» **Task item**
The records below are split into lines. How many of those lines contain the string "Command"? Reply with the number only.

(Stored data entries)
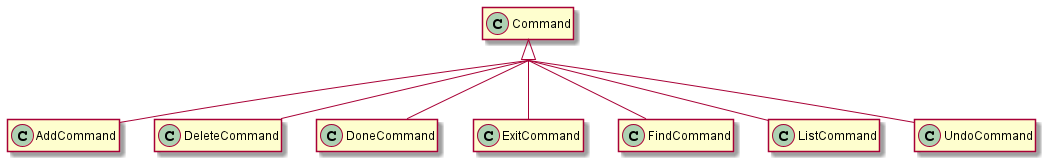

The diagram above was rendered by PlantUML. Its source (embedded in the PNG):
@startuml
hide empty members
skinparam groupInheritance 4


class Command

Command <|-- AddCommand
Command <|-- DeleteCommand
Command <|-- DoneCommand
Command <|-- ExitCommand
Command <|-- FindCommand
Command <|-- ListCommand
Command <|-- UndoCommand

@enduml
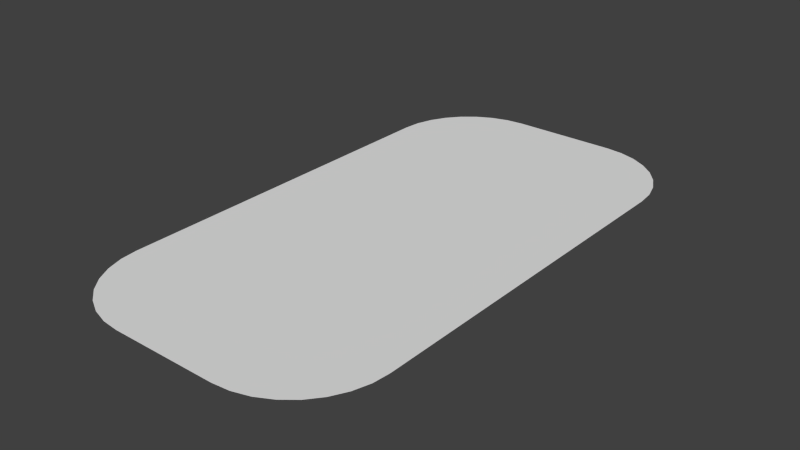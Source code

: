 # Source: evil_bullet00.blend  (saved by Blender 2.68.0; exported with 4.5.12 LTS)
import bpy
from mathutils import Matrix  # noqa: F401  (used for matrix-valued properties, if any)

bpy.ops.wm.read_factory_settings(use_empty=True)
scene = bpy.context.scene
scene.name = 'Scene'

# ---- collections
col_collection_1 = bpy.data.collections.new('Collection 1'); scene.collection.children.link(col_collection_1)

# ---- world
world_world = bpy.data.worlds.new('World'); scene.world = world_world
world_world.color = (0.05088, 0.05088, 0.05088)
world_world.use_sun_shadow = False
world_world.sun_shadow_jitter_overblur = 0.0
world_world.cycles.sampling_method = 'MANUAL'
world_world.cycles.sample_map_resolution = 256

# ---- meshes
me_plane = bpy.data.meshes.new('Plane')
me_plane.from_pydata([(0.05596, -0.266, 0.0), (0.07063, -0.2646, 0.0), (0.05596, -0.1908, 0.0), (0.08474, -0.2603, 0.0), (0.1185, -0.2326, 0.0), (0.1254, -0.2196, 0.0), (0.1312, -0.1908, 0.0), (0.1476, -0.2087, 0.0), (0.122, -0.2566, 0.0), (0.09774, -0.2533, 0.0), (0.1078, -0.2682, 0.0), (0.1091, -0.244, 0.0), (0.1494, -0.1905, 0.0), (0.1422, -0.2263, 0.0), (0.1336, -0.2424, 0.0), (0.09163, -0.2769, 0.0), (0.1297, -0.2055, 0.0), (0.07409, -0.2822, 0.0), (0.05584, -0.284, 0.0), (-0.05596, -0.266, 0.0), (-0.07063, -0.2646, 0.0), (-0.05596, -0.1908, 0.0), (-0.08474, -0.2603, 0.0), (-0.1185, -0.2326, 0.0), (-0.1254, -0.2196, 0.0), (-0.1312, -0.1908, 0.0), (-0.1476, -0.2087, 0.0), (-0.122, -0.2566, 0.0), (-0.09774, -0.2533, 0.0), (-0.1078, -0.2682, 0.0), (-0.1091, -0.244, 0.0), (-0.1494, -0.1905, 0.0), (-0.1422, -0.2263, 0.0), (-0.1336, -0.2424, 0.0), (-0.09163, -0.2769, 0.0), (-0.1297, -0.2055, 0.0), (-0.07409, -0.2822, 0.0), (-0.05584, -0.284, 0.0), (0.0, -0.266, 0.0), (0.0, -0.1908, 0.0), (0.0, -0.284, 0.0), (0.05596, 0.266, 0.0), (0.07063, 0.2646, 0.0), (0.05596, 0.1908, 0.0), (0.08474, 0.2603, 0.0), (0.1185, 0.2326, 0.0), (0.1254, 0.2196, 0.0), (0.1312, 0.1908, 0.0), (0.1476, 0.2087, 0.0), (0.122, 0.2566, 0.0), (0.09774, 0.2533, 0.0), (0.1078, 0.2682, 0.0), (0.1091, 0.244, 0.0), (0.1494, 0.1905, 0.0), (0.1422, 0.2263, 0.0), (0.1336, 0.2424, 0.0), (0.09163, 0.2769, 0.0), (0.1297, 0.2055, 0.0), (0.07409, 0.2822, 0.0), (0.05584, 0.284, 0.0), (0.05596, 0.0, 0.0), (0.1312, 0.0, 0.0), (0.1494, 0.0, 0.0), (-0.05596, 0.266, 0.0), (-0.07063, 0.2646, 0.0), (-0.05596, 0.1908, 0.0), (-0.08474, 0.2603, 0.0), (-0.1185, 0.2326, 0.0), (-0.1254, 0.2196, 0.0), (-0.1312, 0.1908, 0.0), (-0.1476, 0.2087, 0.0), (-0.122, 0.2566, 0.0), (-0.09774, 0.2533, 0.0), (-0.1078, 0.2682, 0.0), (-0.1091, 0.244, 0.0), (-0.1494, 0.1905, 0.0), (-0.1422, 0.2263, 0.0), (-0.1336, 0.2424, 0.0), (-0.09163, 0.2769, 0.0), (-0.1297, 0.2055, 0.0), (-0.07409, 0.2822, 0.0), (-0.05584, 0.284, 0.0), (0.0, 0.266, 0.0), (0.0, 0.1908, 0.0), (0.0, 0.284, 0.0), (-0.05596, 0.0, 0.0), (-0.1312, 0.0, 0.0), (-0.1494, 0.0, 0.0), (0.0, 0.0, 0.0)], [], [(1, 3, 15, 17), (4, 5, 13, 14), (3, 9, 10, 15), (5, 16, 7, 13), (6, 61, 62, 12), (0, 1, 17, 18), (9, 11, 8, 10), (11, 4, 14, 8), (16, 6, 12, 7), (38, 0, 18, 40), (2, 60, 61, 6), (39, 88, 60, 2), (38, 39, 2, 0), (2, 1, 0), (2, 3, 1), (2, 9, 3), (2, 11, 9), (2, 4, 11), (2, 5, 4), (2, 16, 5), (2, 6, 16), (20, 36, 34, 22), (23, 33, 32, 24), (22, 34, 29, 28), (24, 32, 26, 35), (25, 31, 87, 86), (19, 37, 36, 20), (28, 29, 27, 30), (30, 27, 33, 23), (35, 26, 31, 25), (38, 40, 37, 19), (21, 25, 86, 85), (39, 21, 85, 88), (38, 19, 21, 39), (21, 19, 20), (21, 20, 22), (21, 22, 28), (21, 28, 30), (21, 30, 23), (21, 23, 24), (21, 24, 35), (21, 35, 25), (42, 58, 56, 44), (45, 55, 54, 46), (44, 56, 51, 50), (46, 54, 48, 57), (47, 53, 62, 61), (41, 59, 58, 42), (50, 51, 49, 52), (52, 49, 55, 45), (57, 48, 53, 47), (82, 84, 59, 41), (43, 47, 61, 60), (83, 43, 60, 88), (82, 41, 43, 83), (43, 41, 42), (43, 42, 44), (43, 44, 50), (43, 50, 52), (43, 52, 45), (43, 45, 46), (43, 46, 57), (43, 57, 47), (64, 66, 78, 80), (67, 68, 76, 77), (66, 72, 73, 78), (68, 79, 70, 76), (69, 86, 87, 75), (63, 64, 80, 81), (72, 74, 71, 73), (74, 67, 77, 71), (79, 69, 75, 70), (82, 63, 81, 84), (65, 85, 86, 69), (83, 88, 85, 65), (82, 83, 65, 63), (65, 64, 63), (65, 66, 64), (65, 72, 66), (65, 74, 72), (65, 67, 74), (65, 68, 67), (65, 79, 68), (65, 69, 79)])
_ca = me_plane.color_attributes.new('Col', 'BYTE_COLOR', 'CORNER')
_ca.data.foreach_set('color', [1.0, 0.0, 0.009134, 1.0, 1.0, 0.0, 0.009134, 1.0, 1.0, 0.0, 0.009134, 1.0, 1.0, 0.0, 0.009134, 1.0, 1.0, 0.0, 0.009134, 1.0, 1.0, 0.0, 0.009134, 1.0, 1.0, 0.0, 0.009134, 1.0, 1.0, 0.0, 0.009134, 1.0, 1.0, 0.0, 0.009134, 1.0, 1.0, 0.0, 0.009134, 1.0, 1.0, 0.0, 0.009134, 1.0, 1.0, 0.0, 0.009134, 1.0, 1.0, 0.0, 0.009134, 1.0, 1.0, 0.0, 0.009134, 1.0, 1.0, 0.0, 0.009134, 1.0, 1.0, 0.0, 0.009134, 1.0, 1.0, 0.0, 0.009134, 1.0, 1.0, 0.0, 0.009134, 1.0, 1.0, 0.0, 0.009134, 1.0, 1.0, 0.0, 0.009134, 1.0, 1.0, 0.0, 0.009134, 1.0, 1.0, 0.0, 0.009134, 1.0, 1.0, 0.0, 0.009134, 1.0, 1.0, 0.0, 0.009134, 1.0, 1.0, 0.0, 0.009134, 1.0, 1.0, 0.0, 0.009134, 1.0, 1.0, 0.0, 0.009134, 1.0, 1.0, 0.0, 0.009134, 1.0, 1.0, 0.0, 0.009134, 1.0, 1.0, 0.0, 0.009134, 1.0, 1.0, 0.0, 0.009134, 1.0, 1.0, 0.0, 0.009134, 1.0, 1.0, 0.0, 0.009134, 1.0, 1.0, 0.0, 0.009134, 1.0, 1.0, 0.0, 0.009134, 1.0, 1.0, 0.0, 0.009134, 1.0, 1.0, 0.0, 0.009134, 1.0, 1.0, 0.0, 0.009134, 1.0, 1.0, 0.0, 0.009134, 1.0, 1.0, 0.0, 0.009134, 1.0, 1.0, 0.0, 0.009134, 1.0, 1.0, 0.0, 0.009134, 1.0, 1.0, 0.0, 0.009134, 1.0, 1.0, 0.0, 0.009134, 1.0, 1.0, 0.0, 0.009134, 1.0, 1.0, 0.0, 0.009134, 1.0, 1.0, 0.0, 0.009134, 1.0, 1.0, 0.0, 0.009134, 1.0, 1.0, 0.0, 0.009134, 1.0, 1.0, 0.0, 0.009134, 1.0, 1.0, 0.0, 0.009134, 1.0, 1.0, 0.0, 0.009134, 1.0, 1.0, 0.0, 0.009134, 1.0, 1.0, 0.0, 0.009134, 1.0, 1.0, 0.0, 0.009134, 1.0, 1.0, 0.0, 0.009134, 1.0, 1.0, 0.0, 0.009134, 1.0, 1.0, 0.0, 0.009134, 1.0, 1.0, 0.0, 0.009134, 1.0, 1.0, 0.0, 0.009134, 1.0, 1.0, 0.0, 0.009134, 1.0, 1.0, 0.0, 0.009134, 1.0, 1.0, 0.0, 0.009134, 1.0, 1.0, 0.0, 0.009134, 1.0, 1.0, 0.0, 0.009134, 1.0, 1.0, 0.0, 0.009134, 1.0, 1.0, 0.0, 0.009134, 1.0, 1.0, 0.0, 0.009134, 1.0, 1.0, 0.0, 0.009134, 1.0, 1.0, 0.0, 0.009134, 1.0, 1.0, 0.0, 0.009134, 1.0, 1.0, 0.0, 0.009134, 1.0, 1.0, 0.0, 0.009134, 1.0, 1.0, 0.0, 0.009134, 1.0, 1.0, 0.0, 0.009134, 1.0, 1.0, 0.0, 0.009134, 1.0, 1.0, 0.0, 0.009134, 1.0, 1.0, 0.0, 0.009134, 1.0, 1.0, 0.0, 0.009134, 1.0, 1.0, 0.0, 0.009134, 1.0, 1.0, 0.0, 0.009134, 1.0, 1.0, 0.0, 0.009134, 1.0, 1.0, 0.0, 0.009134, 1.0, 1.0, 0.0, 0.009134, 1.0, 1.0, 0.0, 0.009134, 1.0, 1.0, 0.0, 0.009134, 1.0, 1.0, 0.0, 0.009134, 1.0, 1.0, 0.0, 0.009134, 1.0, 1.0, 0.0, 0.009134, 1.0, 1.0, 0.0, 0.009134, 1.0, 1.0, 0.0, 0.009134, 1.0, 1.0, 0.0, 0.009134, 1.0, 1.0, 0.0, 0.009134, 1.0, 1.0, 0.0, 0.009134, 1.0, 1.0, 0.0, 0.009134, 1.0, 1.0, 0.0, 0.009134, 1.0, 1.0, 0.0, 0.009134, 1.0, 1.0, 0.0, 0.009134, 1.0, 1.0, 0.0, 0.009134, 1.0, 1.0, 0.0, 0.009134, 1.0, 1.0, 0.0, 0.009134, 1.0, 1.0, 0.0, 0.009134, 1.0, 1.0, 0.0, 0.009134, 1.0, 1.0, 0.0, 0.009134, 1.0, 1.0, 0.0, 0.009134, 1.0, 1.0, 0.0, 0.009134, 1.0, 1.0, 0.0, 0.009134, 1.0, 1.0, 0.0, 0.009134, 1.0, 1.0, 0.0, 0.009134, 1.0, 1.0, 0.0, 0.009134, 1.0, 1.0, 0.0, 0.009134, 1.0, 1.0, 0.0, 0.009134, 1.0, 1.0, 0.0, 0.009134, 1.0, 1.0, 0.0, 0.009134, 1.0, 1.0, 0.0, 0.009134, 1.0, 1.0, 0.0, 0.009134, 1.0, 1.0, 0.0, 0.009134, 1.0, 1.0, 0.0, 0.009134, 1.0, 1.0, 0.0, 0.009134, 1.0, 1.0, 0.0, 0.009134, 1.0, 1.0, 0.0, 0.009134, 1.0, 1.0, 0.0, 0.009134, 1.0, 1.0, 0.0, 0.009134, 1.0, 1.0, 0.0, 0.009134, 1.0, 1.0, 0.0, 0.009134, 1.0, 1.0, 0.0, 0.009134, 1.0, 1.0, 0.0, 0.009134, 1.0, 1.0, 0.0, 0.009134, 1.0, 1.0, 0.0, 0.009134, 1.0, 1.0, 0.0, 0.009134, 1.0, 1.0, 0.0, 0.009134, 1.0, 1.0, 0.0, 0.009134, 1.0, 1.0, 0.0, 0.009134, 1.0, 1.0, 0.0, 0.009134, 1.0, 1.0, 0.0, 0.009134, 1.0, 1.0, 0.0, 0.009134, 1.0, 1.0, 0.0, 0.009134, 1.0, 1.0, 0.0, 0.009134, 1.0, 1.0, 0.0, 0.009134, 1.0, 1.0, 0.0, 0.009134, 1.0, 1.0, 0.0, 0.009134, 1.0, 1.0, 0.0, 0.009134, 1.0, 1.0, 0.0, 0.009134, 1.0, 1.0, 0.0, 0.009134, 1.0, 1.0, 0.0, 0.009134, 1.0, 1.0, 0.0, 0.009134, 1.0, 1.0, 0.0, 0.009134, 1.0, 1.0, 0.0, 0.009134, 1.0, 1.0, 0.0, 0.009134, 1.0, 1.0, 0.0, 0.009134, 1.0, 1.0, 0.0, 0.009134, 1.0, 1.0, 0.0, 0.009134, 1.0, 1.0, 0.0, 0.009134, 1.0, 1.0, 0.0, 0.009134, 1.0, 1.0, 0.0, 0.009134, 1.0, 1.0, 0.0, 0.009134, 1.0, 1.0, 0.0, 0.009134, 1.0, 1.0, 0.0, 0.009134, 1.0, 1.0, 0.0, 0.009134, 1.0, 1.0, 0.0, 0.009134, 1.0, 1.0, 0.0, 0.009134, 1.0, 1.0, 0.0, 0.009134, 1.0, 1.0, 0.0, 0.009134, 1.0, 1.0, 0.0, 0.009134, 1.0, 1.0, 0.0, 0.009134, 1.0, 1.0, 0.0, 0.009134, 1.0, 1.0, 0.0, 0.009134, 1.0, 1.0, 0.0, 0.009134, 1.0, 1.0, 0.0, 0.009134, 1.0, 1.0, 0.0, 0.009134, 1.0, 1.0, 0.0, 0.009134, 1.0, 1.0, 0.0, 0.009134, 1.0, 1.0, 0.0, 0.009134, 1.0, 1.0, 0.0, 0.009134, 1.0, 1.0, 0.0, 0.009134, 1.0, 1.0, 0.0, 0.009134, 1.0, 1.0, 0.0, 0.009134, 1.0, 1.0, 0.0, 0.009134, 1.0, 1.0, 0.0, 0.009134, 1.0, 1.0, 0.0, 0.009134, 1.0, 1.0, 0.0, 0.009134, 1.0, 1.0, 0.0, 0.009134, 1.0, 1.0, 0.0, 0.009134, 1.0, 1.0, 0.0, 0.009134, 1.0, 1.0, 0.0, 0.009134, 1.0, 1.0, 0.0, 0.009134, 1.0, 1.0, 0.0, 0.009134, 1.0, 1.0, 0.0, 0.009134, 1.0, 1.0, 0.0, 0.009134, 1.0, 1.0, 0.0, 0.009134, 1.0, 1.0, 0.0, 0.009134, 1.0, 1.0, 0.0, 0.009134, 1.0, 1.0, 0.6445, 0.402, 1.0, 1.0, 0.6445, 0.402, 1.0, 1.0, 0.6445, 0.402, 1.0, 1.0, 0.6445, 0.402, 1.0, 1.0, 0.6445, 0.402, 1.0, 1.0, 0.6445, 0.402, 1.0, 1.0, 0.6445, 0.402, 1.0, 1.0, 0.6445, 0.402, 1.0, 1.0, 0.6445, 0.402, 1.0, 1.0, 0.6445, 0.402, 1.0, 1.0, 0.6445, 0.402, 1.0, 1.0, 0.6445, 0.402, 1.0, 1.0, 0.6445, 0.402, 1.0, 1.0, 0.6445, 0.402, 1.0, 1.0, 0.6445, 0.402, 1.0, 1.0, 0.6445, 0.402, 1.0, 1.0, 0.6445, 0.402, 1.0, 1.0, 0.6445, 0.402, 1.0, 1.0, 0.6445, 0.402, 1.0, 1.0, 0.6445, 0.402, 1.0, 1.0, 0.6445, 0.402, 1.0, 1.0, 0.6445, 0.402, 1.0, 1.0, 0.6445, 0.402, 1.0, 1.0, 0.6445, 0.402, 1.0, 1.0, 0.6445, 0.402, 1.0, 1.0, 0.6445, 0.402, 1.0, 1.0, 0.6445, 0.402, 1.0, 1.0, 0.6445, 0.402, 1.0, 1.0, 0.6445, 0.402, 1.0, 1.0, 0.6445, 0.402, 1.0, 1.0, 0.6445, 0.402, 1.0, 1.0, 0.6445, 0.402, 1.0, 1.0, 0.6445, 0.402, 1.0, 1.0, 0.6445, 0.402, 1.0, 1.0, 0.6445, 0.402, 1.0, 1.0, 0.6445, 0.402, 1.0, 1.0, 0.0, 0.009134, 1.0, 1.0, 0.0, 0.009134, 1.0, 1.0, 0.0, 0.009134, 1.0, 1.0, 0.0, 0.009134, 1.0, 1.0, 0.0, 0.009134, 1.0, 1.0, 0.0, 0.009134, 1.0, 1.0, 0.0, 0.009134, 1.0, 1.0, 0.0, 0.009134, 1.0, 1.0, 0.0, 0.009134, 1.0, 1.0, 0.0, 0.009134, 1.0, 1.0, 0.0, 0.009134, 1.0, 1.0, 0.0, 0.009134, 1.0, 1.0, 0.0, 0.009134, 1.0, 1.0, 0.0, 0.009134, 1.0, 1.0, 0.0, 0.009134, 1.0, 1.0, 0.0, 0.009134, 1.0, 1.0, 0.0, 0.009134, 1.0, 1.0, 0.0, 0.009134, 1.0, 1.0, 0.0, 0.009134, 1.0, 1.0, 0.0, 0.009134, 1.0, 1.0, 0.0, 0.009134, 1.0, 1.0, 0.0, 0.009134, 1.0, 1.0, 0.0, 0.009134, 1.0, 1.0, 0.0, 0.009134, 1.0, 1.0, 0.0, 0.009134, 1.0, 1.0, 0.0, 0.009134, 1.0, 1.0, 0.0, 0.009134, 1.0, 1.0, 0.0, 0.009134, 1.0, 1.0, 0.0, 0.009134, 1.0, 1.0, 0.0, 0.009134, 1.0, 1.0, 0.0, 0.009134, 1.0, 1.0, 0.0, 0.009134, 1.0, 1.0, 0.0, 0.009134, 1.0, 1.0, 0.0, 0.009134, 1.0, 1.0, 0.0, 0.009134, 1.0, 1.0, 0.0, 0.009134, 1.0, 1.0, 0.0, 0.009134, 1.0, 1.0, 0.0, 0.009134, 1.0, 1.0, 0.0, 0.009134, 1.0, 1.0, 0.0, 0.009134, 1.0, 1.0, 0.6445, 0.402, 1.0, 1.0, 0.6445, 0.402, 1.0, 1.0, 0.6445, 0.402, 1.0, 1.0, 0.6445, 0.402, 1.0, 1.0, 0.6445, 0.402, 1.0, 1.0, 0.6445, 0.402, 1.0, 1.0, 0.6445, 0.402, 1.0, 1.0, 0.6445, 0.402, 1.0, 1.0, 0.6445, 0.402, 1.0, 1.0, 0.6445, 0.402, 1.0, 1.0, 0.6445, 0.402, 1.0, 1.0, 0.6445, 0.402, 1.0, 1.0, 0.6445, 0.402, 1.0, 1.0, 0.6445, 0.402, 1.0, 1.0, 0.6445, 0.402, 1.0, 1.0, 0.6445, 0.402, 1.0, 1.0, 0.6445, 0.402, 1.0, 1.0, 0.6445, 0.402, 1.0, 1.0, 0.6445, 0.402, 1.0, 1.0, 0.6445, 0.402, 1.0, 1.0, 0.6445, 0.402, 1.0, 1.0, 0.6445, 0.402, 1.0, 1.0, 0.6445, 0.402, 1.0, 1.0, 0.6445, 0.402, 1.0, 1.0, 0.6445, 0.402, 1.0, 1.0, 0.6445, 0.402, 1.0, 1.0, 0.6445, 0.402, 1.0, 1.0, 0.6445, 0.402, 1.0, 1.0, 0.6445, 0.402, 1.0, 1.0, 0.6445, 0.402, 1.0, 1.0, 0.6445, 0.402, 1.0, 1.0, 0.6445, 0.402, 1.0, 1.0, 0.6445, 0.402, 1.0, 1.0, 0.6445, 0.402, 1.0, 1.0, 0.6445, 0.402, 1.0, 1.0, 0.6445, 0.402, 1.0])
me_plane.use_remesh_preserve_volume = False
me_plane.use_remesh_preserve_attributes = False
me_plane.use_mirror_vertex_groups = False
me_plane.use_paint_bone_selection = False
me_plane.use_paint_mask = True
me_plane.update()

# ---- objects
ob_plane = bpy.data.objects.new('Plane', me_plane)

# ---- transforms, parenting, visibility, modifiers, constraints
ob_plane.location = (0.0, 0.0, 0.0)
ob_plane.lineart.crease_threshold = 0.0

# ---- collection membership
col_collection_1.objects.link(ob_plane)

# ---- scene / render settings (as saved in the file)
scene.frame_start = 1; scene.frame_end = 250; scene.frame_set(1)
scene.render.engine = 'BLENDER_EEVEE_NEXT'
scene.render.image_settings.color_mode = 'RGB'
scene.render.image_settings.compression = 90
scene.render.resolution_percentage = 50
scene.render.dither_intensity = 0.0
scene.cycles.use_denoising = False
scene.cycles.samples = 10
scene.cycles.sampling_pattern = 'TABULATED_SOBOL'
scene.cycles.light_sampling_threshold = 0.0
scene.cycles.use_adaptive_sampling = False
scene.cycles.use_light_tree = False
scene.cycles.blur_glossy = 0.0
scene.cycles.volume_bounces = 1
scene.cycles.pixel_filter_type = 'GAUSSIAN'
scene.cycles.sample_clamp_indirect = 0.0
scene.view_settings.view_transform = 'Standard'
bpy.context.view_layer.update()

# ---- added for rendering (the .blend has no active camera and no usable light): camera, sun
cam_auto = bpy.data.cameras.new('AutoCamera')
cam_auto.lens = 50.0
cam_auto.sensor_width = 36.0
cam_auto.clip_end = 1000.0
ob_auto_camera = bpy.data.objects.new('AutoCamera', cam_auto)
scene.collection.objects.link(ob_auto_camera)
ob_auto_camera.location = (0.593778, -0.712533, 0.475022)
ob_auto_camera.rotation_euler = (1.09748, -7.21219e-08, 0.694738)
scene.camera = ob_auto_camera
light_auto_sun = bpy.data.lights.new('AutoSun', 'SUN')
light_auto_sun.energy = 3.0
light_auto_sun.angle = 0.0523599
ob_auto_sun = bpy.data.objects.new('AutoSun', light_auto_sun)
scene.collection.objects.link(ob_auto_sun)
ob_auto_sun.rotation_euler = (0.872665, 0.174533, 0.523599)
bpy.context.view_layer.update()

» **Solution**
8